- [About this task]
For each line below that contains the word "centre", make a copy.

** Data supplied follows **

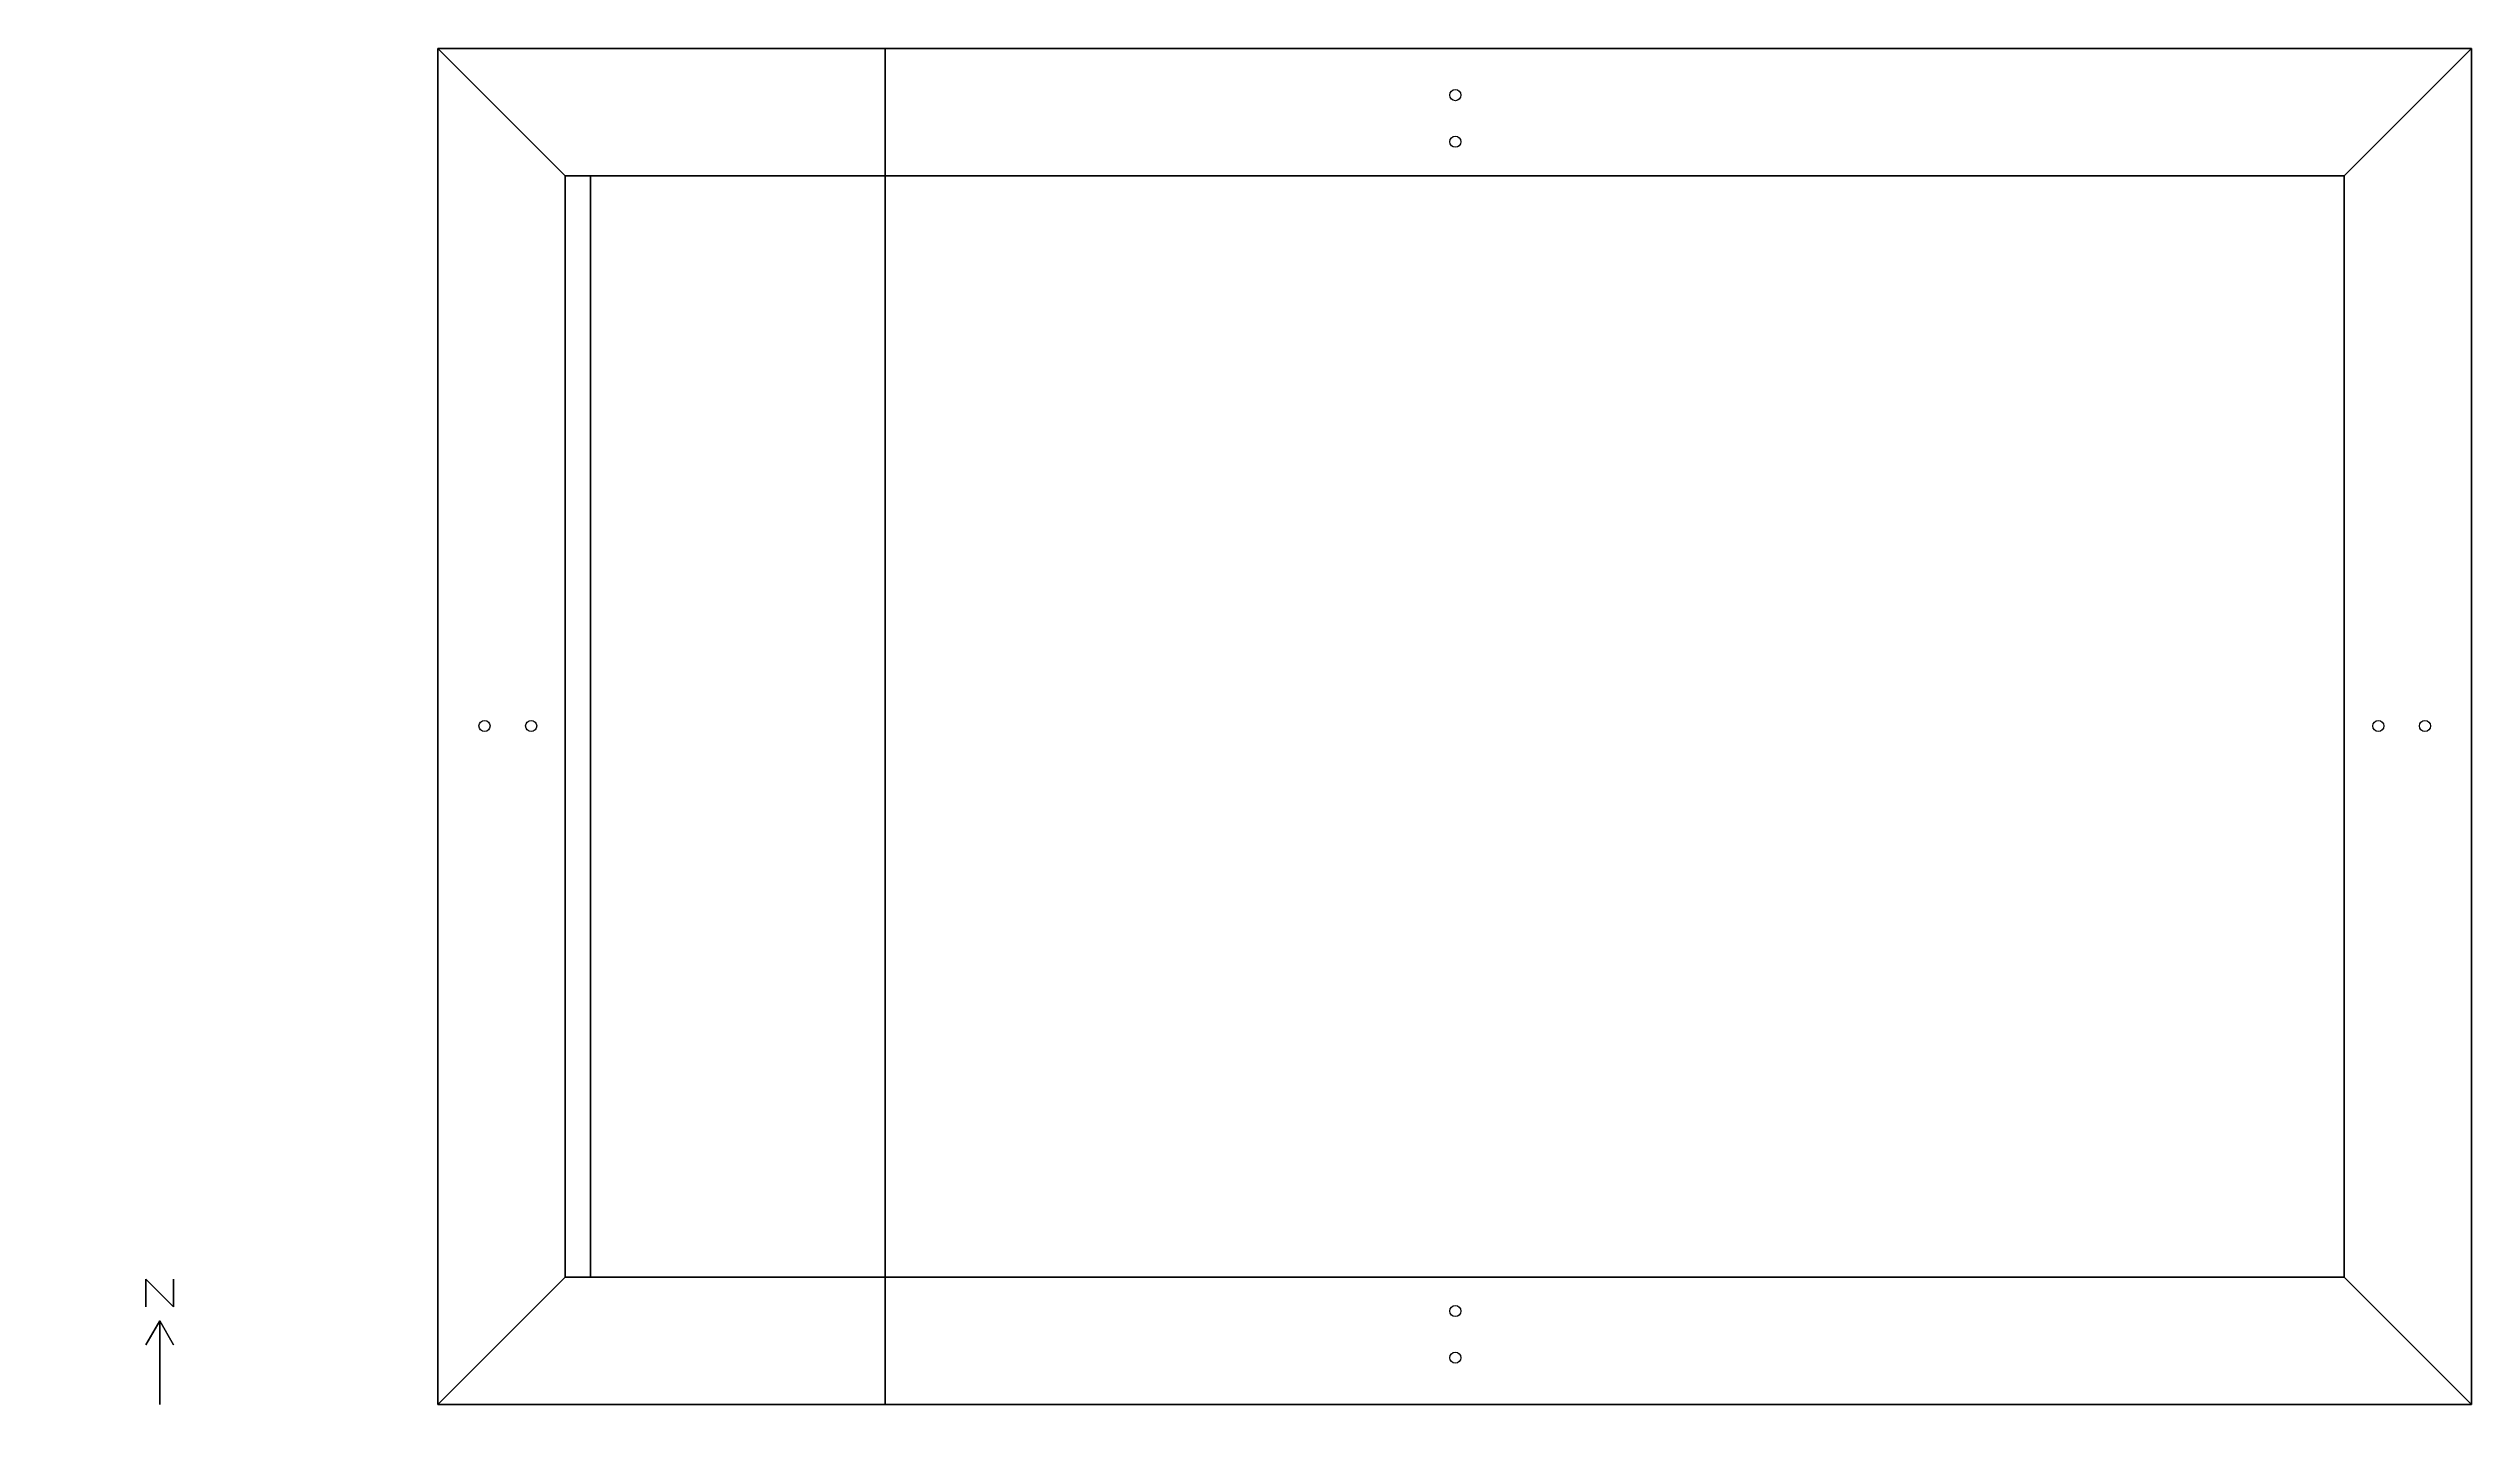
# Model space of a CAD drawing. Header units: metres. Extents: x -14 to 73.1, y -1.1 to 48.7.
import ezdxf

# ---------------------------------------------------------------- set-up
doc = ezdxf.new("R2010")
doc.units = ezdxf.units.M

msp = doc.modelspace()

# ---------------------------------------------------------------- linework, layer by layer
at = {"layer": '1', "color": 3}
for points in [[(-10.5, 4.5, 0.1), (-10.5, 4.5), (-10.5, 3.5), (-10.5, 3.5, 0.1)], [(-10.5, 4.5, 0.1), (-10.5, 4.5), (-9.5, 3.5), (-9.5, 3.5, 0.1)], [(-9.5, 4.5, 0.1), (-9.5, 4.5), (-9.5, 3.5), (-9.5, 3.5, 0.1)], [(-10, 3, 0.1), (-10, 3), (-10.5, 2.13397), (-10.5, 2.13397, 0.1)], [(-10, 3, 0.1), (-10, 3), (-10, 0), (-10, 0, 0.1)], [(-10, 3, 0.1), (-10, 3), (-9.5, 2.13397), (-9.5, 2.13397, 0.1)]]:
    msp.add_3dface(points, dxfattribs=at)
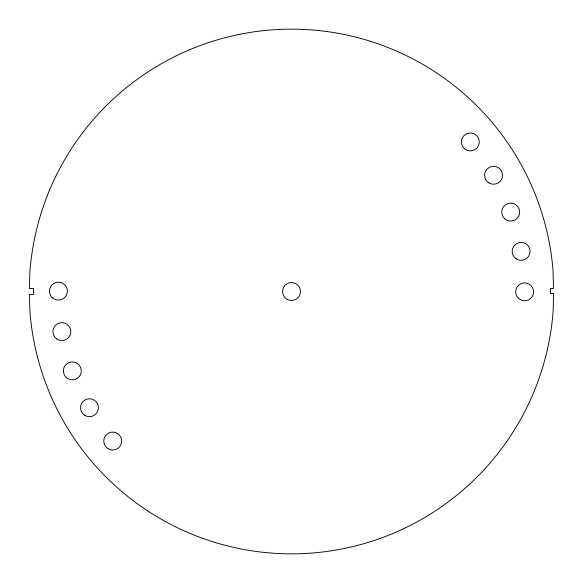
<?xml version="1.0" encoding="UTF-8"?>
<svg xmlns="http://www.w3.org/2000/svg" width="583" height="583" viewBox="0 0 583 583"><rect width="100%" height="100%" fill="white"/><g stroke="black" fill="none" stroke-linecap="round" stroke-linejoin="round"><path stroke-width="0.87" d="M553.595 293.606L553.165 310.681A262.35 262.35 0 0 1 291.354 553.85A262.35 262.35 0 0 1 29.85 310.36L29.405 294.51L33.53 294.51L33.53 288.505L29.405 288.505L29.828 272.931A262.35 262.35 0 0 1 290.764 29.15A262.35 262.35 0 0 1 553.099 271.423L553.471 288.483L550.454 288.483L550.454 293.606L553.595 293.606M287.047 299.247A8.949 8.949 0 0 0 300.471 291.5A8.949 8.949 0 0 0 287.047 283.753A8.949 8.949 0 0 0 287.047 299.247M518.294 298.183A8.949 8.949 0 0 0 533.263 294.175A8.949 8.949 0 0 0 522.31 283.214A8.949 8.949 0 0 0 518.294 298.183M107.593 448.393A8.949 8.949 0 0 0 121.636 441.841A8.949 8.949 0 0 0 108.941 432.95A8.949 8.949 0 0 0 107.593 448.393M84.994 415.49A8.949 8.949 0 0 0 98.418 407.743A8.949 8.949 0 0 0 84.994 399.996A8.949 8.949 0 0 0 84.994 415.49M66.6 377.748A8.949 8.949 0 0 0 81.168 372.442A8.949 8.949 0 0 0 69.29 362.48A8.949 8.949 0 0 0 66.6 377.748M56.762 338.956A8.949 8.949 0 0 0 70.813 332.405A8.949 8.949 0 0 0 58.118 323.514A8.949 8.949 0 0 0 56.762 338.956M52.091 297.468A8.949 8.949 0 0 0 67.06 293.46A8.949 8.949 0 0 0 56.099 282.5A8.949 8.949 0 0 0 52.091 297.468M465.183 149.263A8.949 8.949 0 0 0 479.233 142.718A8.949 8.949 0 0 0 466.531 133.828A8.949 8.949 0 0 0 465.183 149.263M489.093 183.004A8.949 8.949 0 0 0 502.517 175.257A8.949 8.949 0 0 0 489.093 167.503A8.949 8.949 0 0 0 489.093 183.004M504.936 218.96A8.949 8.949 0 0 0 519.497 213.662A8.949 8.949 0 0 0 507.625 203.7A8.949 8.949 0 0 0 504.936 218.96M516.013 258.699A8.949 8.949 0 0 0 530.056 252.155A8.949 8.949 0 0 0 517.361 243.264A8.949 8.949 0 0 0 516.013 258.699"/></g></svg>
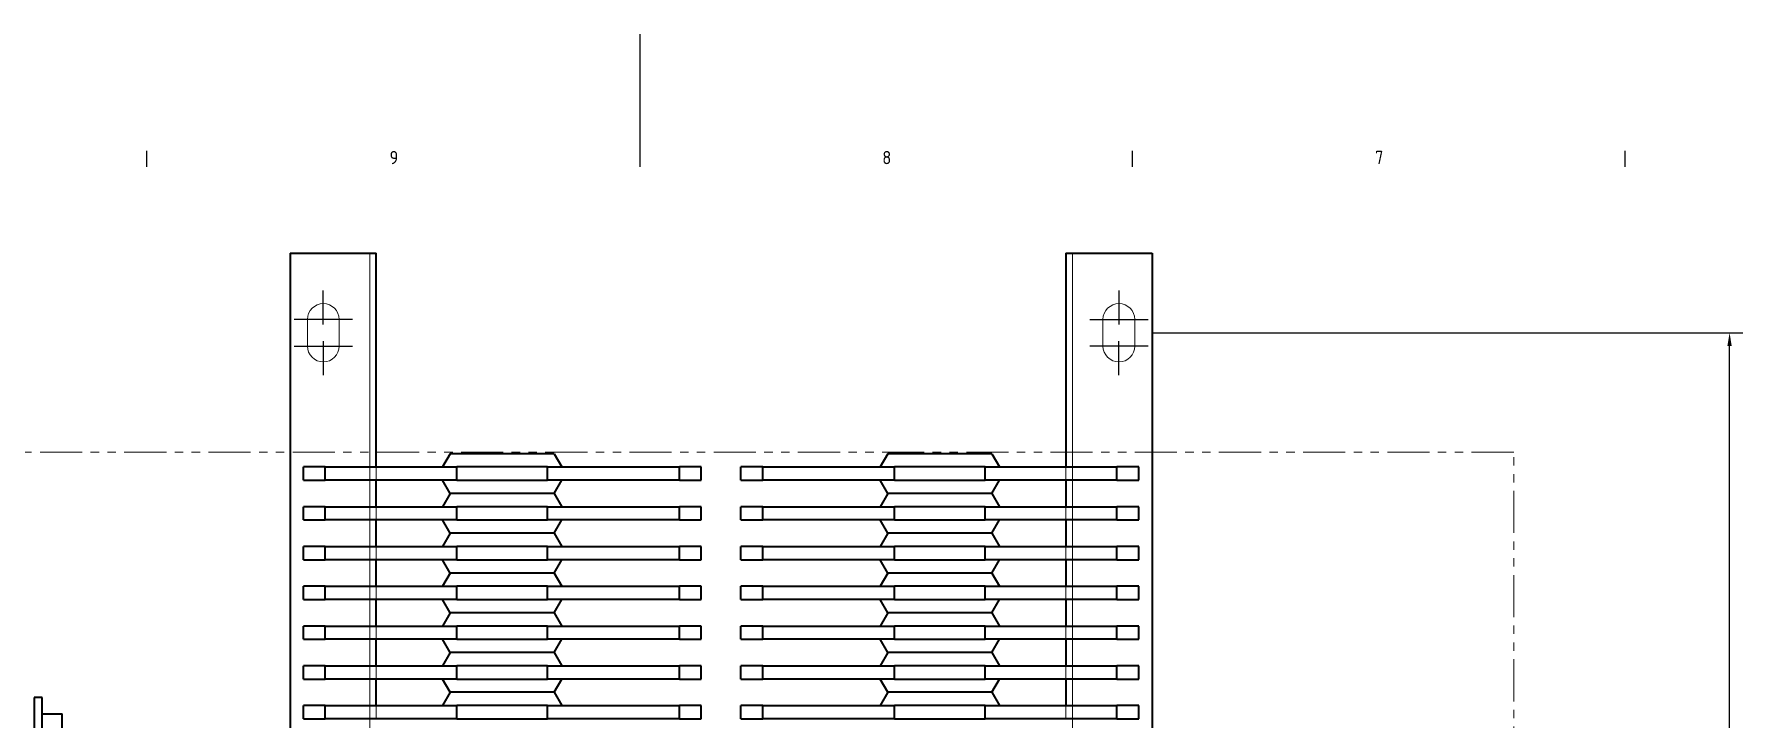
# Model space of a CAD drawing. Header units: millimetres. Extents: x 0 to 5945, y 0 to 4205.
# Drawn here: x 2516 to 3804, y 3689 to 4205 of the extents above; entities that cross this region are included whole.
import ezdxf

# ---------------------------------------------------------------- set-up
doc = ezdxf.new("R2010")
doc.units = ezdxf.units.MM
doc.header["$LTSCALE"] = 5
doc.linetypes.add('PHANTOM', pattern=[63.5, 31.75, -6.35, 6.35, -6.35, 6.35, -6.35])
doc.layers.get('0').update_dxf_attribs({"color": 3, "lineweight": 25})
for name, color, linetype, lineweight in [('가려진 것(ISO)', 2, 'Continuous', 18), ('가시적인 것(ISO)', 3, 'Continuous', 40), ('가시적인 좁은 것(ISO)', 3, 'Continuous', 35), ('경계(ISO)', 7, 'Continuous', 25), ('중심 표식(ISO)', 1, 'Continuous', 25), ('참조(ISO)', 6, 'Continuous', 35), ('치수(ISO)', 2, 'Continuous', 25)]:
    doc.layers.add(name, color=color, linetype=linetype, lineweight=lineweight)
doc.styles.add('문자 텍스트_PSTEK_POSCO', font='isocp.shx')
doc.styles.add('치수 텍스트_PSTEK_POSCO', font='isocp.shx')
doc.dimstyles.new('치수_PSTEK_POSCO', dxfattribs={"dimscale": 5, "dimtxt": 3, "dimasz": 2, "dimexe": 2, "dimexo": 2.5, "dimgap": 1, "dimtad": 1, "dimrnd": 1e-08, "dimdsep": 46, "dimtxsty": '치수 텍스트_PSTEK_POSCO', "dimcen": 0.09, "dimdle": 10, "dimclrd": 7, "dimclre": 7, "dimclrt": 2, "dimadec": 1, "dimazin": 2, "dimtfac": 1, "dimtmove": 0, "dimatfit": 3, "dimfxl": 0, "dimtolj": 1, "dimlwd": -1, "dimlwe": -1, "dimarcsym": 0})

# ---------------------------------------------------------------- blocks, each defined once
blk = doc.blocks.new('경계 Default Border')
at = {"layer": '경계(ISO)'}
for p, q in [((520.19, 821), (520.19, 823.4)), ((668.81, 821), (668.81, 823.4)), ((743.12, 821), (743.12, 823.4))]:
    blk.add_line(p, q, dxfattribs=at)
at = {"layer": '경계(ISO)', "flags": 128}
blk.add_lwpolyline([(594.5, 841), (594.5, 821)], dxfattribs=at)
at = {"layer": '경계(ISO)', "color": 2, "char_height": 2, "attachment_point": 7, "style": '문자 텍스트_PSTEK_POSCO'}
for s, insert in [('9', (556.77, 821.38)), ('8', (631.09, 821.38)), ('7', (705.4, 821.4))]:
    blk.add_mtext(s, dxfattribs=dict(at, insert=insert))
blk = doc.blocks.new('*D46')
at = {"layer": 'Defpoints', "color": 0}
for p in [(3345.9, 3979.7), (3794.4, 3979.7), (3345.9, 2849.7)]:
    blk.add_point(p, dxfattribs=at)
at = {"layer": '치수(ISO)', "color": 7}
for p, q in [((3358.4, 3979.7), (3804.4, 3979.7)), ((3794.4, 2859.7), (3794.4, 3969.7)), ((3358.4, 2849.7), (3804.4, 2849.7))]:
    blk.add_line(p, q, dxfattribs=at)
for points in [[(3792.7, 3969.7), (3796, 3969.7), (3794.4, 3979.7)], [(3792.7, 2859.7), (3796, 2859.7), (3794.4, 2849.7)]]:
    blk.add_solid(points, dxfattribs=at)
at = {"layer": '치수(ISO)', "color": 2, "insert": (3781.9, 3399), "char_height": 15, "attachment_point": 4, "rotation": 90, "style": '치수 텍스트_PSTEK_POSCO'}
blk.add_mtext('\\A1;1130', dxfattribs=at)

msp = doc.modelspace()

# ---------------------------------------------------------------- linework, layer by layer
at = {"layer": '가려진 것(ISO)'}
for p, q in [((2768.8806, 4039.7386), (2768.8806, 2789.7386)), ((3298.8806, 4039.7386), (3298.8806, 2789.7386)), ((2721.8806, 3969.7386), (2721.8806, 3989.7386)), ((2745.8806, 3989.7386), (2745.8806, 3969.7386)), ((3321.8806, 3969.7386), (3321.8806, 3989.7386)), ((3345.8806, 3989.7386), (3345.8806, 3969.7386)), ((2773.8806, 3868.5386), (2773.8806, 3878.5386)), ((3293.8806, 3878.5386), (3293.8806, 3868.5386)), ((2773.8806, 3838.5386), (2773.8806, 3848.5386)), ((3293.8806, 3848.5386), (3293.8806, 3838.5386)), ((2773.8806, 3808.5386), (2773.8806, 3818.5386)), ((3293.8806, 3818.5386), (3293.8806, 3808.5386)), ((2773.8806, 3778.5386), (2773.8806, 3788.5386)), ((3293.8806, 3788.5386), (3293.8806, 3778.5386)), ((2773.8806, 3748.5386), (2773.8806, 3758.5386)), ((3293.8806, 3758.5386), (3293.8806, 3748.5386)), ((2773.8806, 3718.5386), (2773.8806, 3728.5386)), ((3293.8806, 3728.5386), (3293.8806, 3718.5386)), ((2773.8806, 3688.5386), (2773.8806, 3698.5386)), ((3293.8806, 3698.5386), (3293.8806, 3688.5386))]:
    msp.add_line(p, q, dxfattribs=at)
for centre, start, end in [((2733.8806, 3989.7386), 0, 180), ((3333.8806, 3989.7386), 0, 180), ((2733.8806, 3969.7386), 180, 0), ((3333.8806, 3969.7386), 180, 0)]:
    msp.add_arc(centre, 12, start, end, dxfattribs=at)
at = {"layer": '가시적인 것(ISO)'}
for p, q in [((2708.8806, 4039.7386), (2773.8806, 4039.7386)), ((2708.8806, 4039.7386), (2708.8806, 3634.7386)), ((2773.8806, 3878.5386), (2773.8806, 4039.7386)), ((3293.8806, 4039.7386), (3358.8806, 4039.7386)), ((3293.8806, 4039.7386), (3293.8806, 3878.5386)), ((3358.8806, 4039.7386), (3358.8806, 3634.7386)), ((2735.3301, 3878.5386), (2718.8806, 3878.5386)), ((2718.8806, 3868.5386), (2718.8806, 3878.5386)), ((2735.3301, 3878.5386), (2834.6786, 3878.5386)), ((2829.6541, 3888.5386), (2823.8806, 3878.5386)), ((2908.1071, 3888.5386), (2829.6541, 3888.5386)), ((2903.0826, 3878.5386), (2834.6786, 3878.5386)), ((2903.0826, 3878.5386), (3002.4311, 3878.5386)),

** End of Data supplied **

- [Task answer]
for centre, start, end in [((2733.8806, 3989.7386), 0, 180), ((3333.8806, 3989.7386), 0, 180), ((2733.8806, 3969.7386), 180, 0), ((3333.8806, 3969.7386), 180, 0)]:
    msp.add_arc(centre, 12, start, end, dxfattribs=at)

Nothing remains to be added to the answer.